### [Task item]
To complete this task, print all the data below exactly but leave out the images.

----------

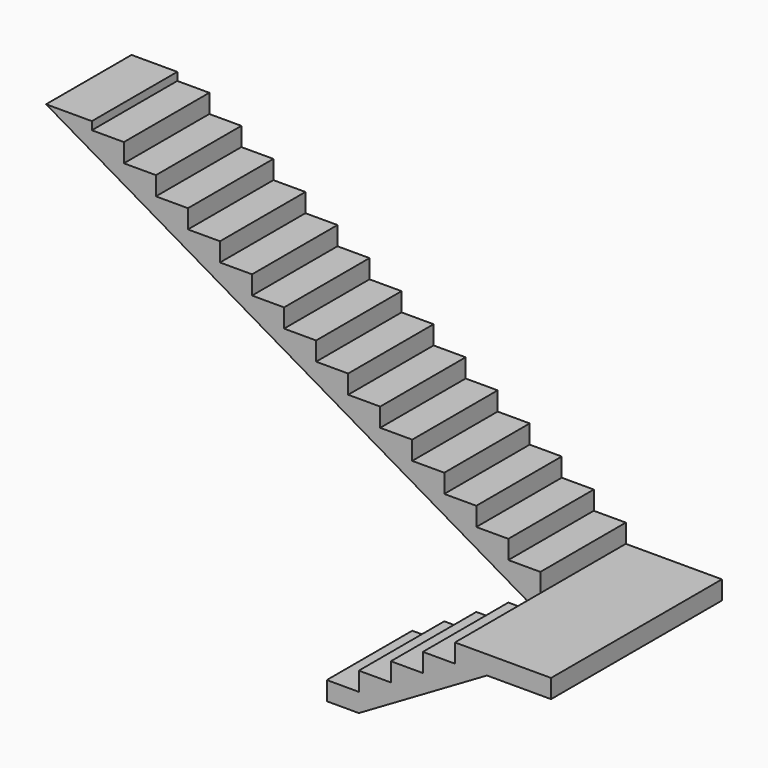
from build123d import *

# Parameters (mm, degrees)
F0_W     = 9144
F0_H     = 2032
F1_DEPTH = 3454.4
F3_DEPTH = 1016
F5_DEPTH = 1016


# Not quite as in the source:
# - a feature names something its author has since deleted; it is built from what else it names


with BuildPart() as f1:
    # F0 (on Top) → F1 (new body)
    with BuildSketch(Plane.XY):
        with Locations((-4572, -1016)):
            Rectangle(F0_W, F0_H)
    extrude(amount=F1_DEPTH)

    # F2 (on face) → F3 (cut)
    with BuildSketch(Plane.XZ.offset(2032)):
        Polygon((-2341.2702168835, 0), (-2133.6, 0), (-2133.6, 177.8), (-1828.8, 177.8), (-1828.8, 355.6), (-1524, 355.6), (-1524, 533.4), (-1219.2, 533.4), (-1219.2, 711.2), (-914.4, 711.2), (-914.4, 889), (0, 889), (0, 3454.4), (-9144, 3454.4), (-9144, 0), align=None)
        Polygon((-609.6, 711.2), (-1828.8, 0), (0, 0), (0, 711.2), align=None)
    extrude(amount=-F3_DEPTH, mode=Mode.SUBTRACT)

    # F4 (on face) → F5 (cut, through all)
    with BuildSketch(Plane.XZ.offset(1016)):
        Polygon((-1219.2, 711.2), (-914.4, 711.2), (-5617.0285714286, 3454.4), (-9144, 3454.4), (-9144, 0), (-2133.6, 0), (-2133.6, 177.8), (-1828.8, 177.8), (-1828.8, 355.6), (-1524, 355.6), (-1524, 533.4), (-1219.2, 533.4), align=None)
        Polygon((-914.4, 1066.8), (-914.4, 889), (0, 889), (0, 3454.4), (-5181.6, 3454.4), (-5181.6, 3378.2), (-4876.8, 3378.2), (-4876.8, 3200.4), (-4572, 3200.4), (-4572, 3022.6), (-4267.2, 3022.6), (-4267.2, 2844.8), (-3962.4, 2844.8), (-3962.4, 2667), (-3657.6, 2667), (-3657.6, 2489.2), (-3352.8, 2489.2), (-3352.8, 2311.4), (-3048, 2311.4), (-3048, 2133.6), (-2743.2, 2133.6), (-2743.2, 1955.8), (-2438.4, 1955.8), (-2438.4, 1778), (-2133.6, 1778), (-2133.6, 1600.2), (-1828.8, 1600.2), (-1828.8, 1422.4), (-1524, 1422.4), (-1524, 1244.6), (-1219.2, 1244.6), (-1219.2, 1066.8), align=None)
        Polygon((0, 711.2), (-914.4, 711.2), (-1219.2, 711.2), (-1219.2, 533.4), (-1524, 533.4), (-1524, 355.6), (-1828.8, 355.6), (-1828.8, 177.8), (-2133.6, 177.8), (-2133.6, 0), (0, 0), align=None)
    extrude(amount=-F5_DEPTH, mode=Mode.SUBTRACT)


solid = f1.part

----------

### [Output for this exercise]
from build123d import *

# Parameters (mm, degrees)
F0_W     = 9144
F0_H     = 2032
F1_DEPTH = 3454.4
F3_DEPTH = 1016
F5_DEPTH = 1016


# Not quite as in the source:
# - a feature names something its author has since deleted; it is built from what else it names


with BuildPart() as f1:
    # F0 (on Top) → F1 (new body)
    with BuildSketch(Plane.XY):
        with Locations((-4572, -1016)):
            Rectangle(F0_W, F0_H)
    extrude(amount=F1_DEPTH)

    # F2 (on face) → F3 (cut)
    with BuildSketch(Plane.XZ.offset(2032)):
        Polygon((-2341.2702168835, 0), (-2133.6, 0), (-2133.6, 177.8), (-1828.8, 177.8), (-1828.8, 355.6), (-1524, 355.6), (-1524, 533.4), (-1219.2, 533.4), (-1219.2, 711.2), (-914.4, 711.2), (-914.4, 889), (0, 889), (0, 3454.4), (-9144, 3454.4), (-9144, 0), align=None)
        Polygon((-609.6, 711.2), (-1828.8, 0), (0, 0), (0, 711.2), align=None)
    extrude(amount=-F3_DEPTH, mode=Mode.SUBTRACT)

    # F4 (on face) → F5 (cut, through all)
    with BuildSketch(Plane.XZ.offset(1016)):
        Polygon((-1219.2, 711.2), (-914.4, 711.2), (-5617.0285714286, 3454.4), (-9144, 3454.4), (-9144, 0), (-2133.6, 0), (-2133.6, 177.8), (-1828.8, 177.8), (-1828.8, 355.6), (-1524, 355.6), (-1524, 533.4), (-1219.2, 533.4), align=None)
        Polygon((-914.4, 1066.8), (-914.4, 889), (0, 889), (0, 3454.4), (-5181.6, 3454.4), (-5181.6, 3378.2), (-4876.8, 3378.2), (-4876.8, 3200.4), (-4572, 3200.4), (-4572, 3022.6), (-4267.2, 3022.6), (-4267.2, 2844.8), (-3962.4, 2844.8), (-3962.4, 2667), (-3657.6, 2667), (-3657.6, 2489.2), (-3352.8, 2489.2), (-3352.8, 2311.4), (-3048, 2311.4), (-3048, 2133.6), (-2743.2, 2133.6), (-2743.2, 1955.8), (-2438.4, 1955.8), (-2438.4, 1778), (-2133.6, 1778), (-2133.6, 1600.2), (-1828.8, 1600.2), (-1828.8, 1422.4), (-1524, 1422.4), (-1524, 1244.6), (-1219.2, 1244.6), (-1219.2, 1066.8), align=None)
        Polygon((0, 711.2), (-914.4, 711.2), (-1219.2, 711.2), (-1219.2, 533.4), (-1524, 533.4), (-1524, 355.6), (-1828.8, 355.6), (-1828.8, 177.8), (-2133.6, 177.8), (-2133.6, 0), (0, 0), align=None)
    extrude(amount=-F5_DEPTH, mode=Mode.SUBTRACT)


solid = f1.part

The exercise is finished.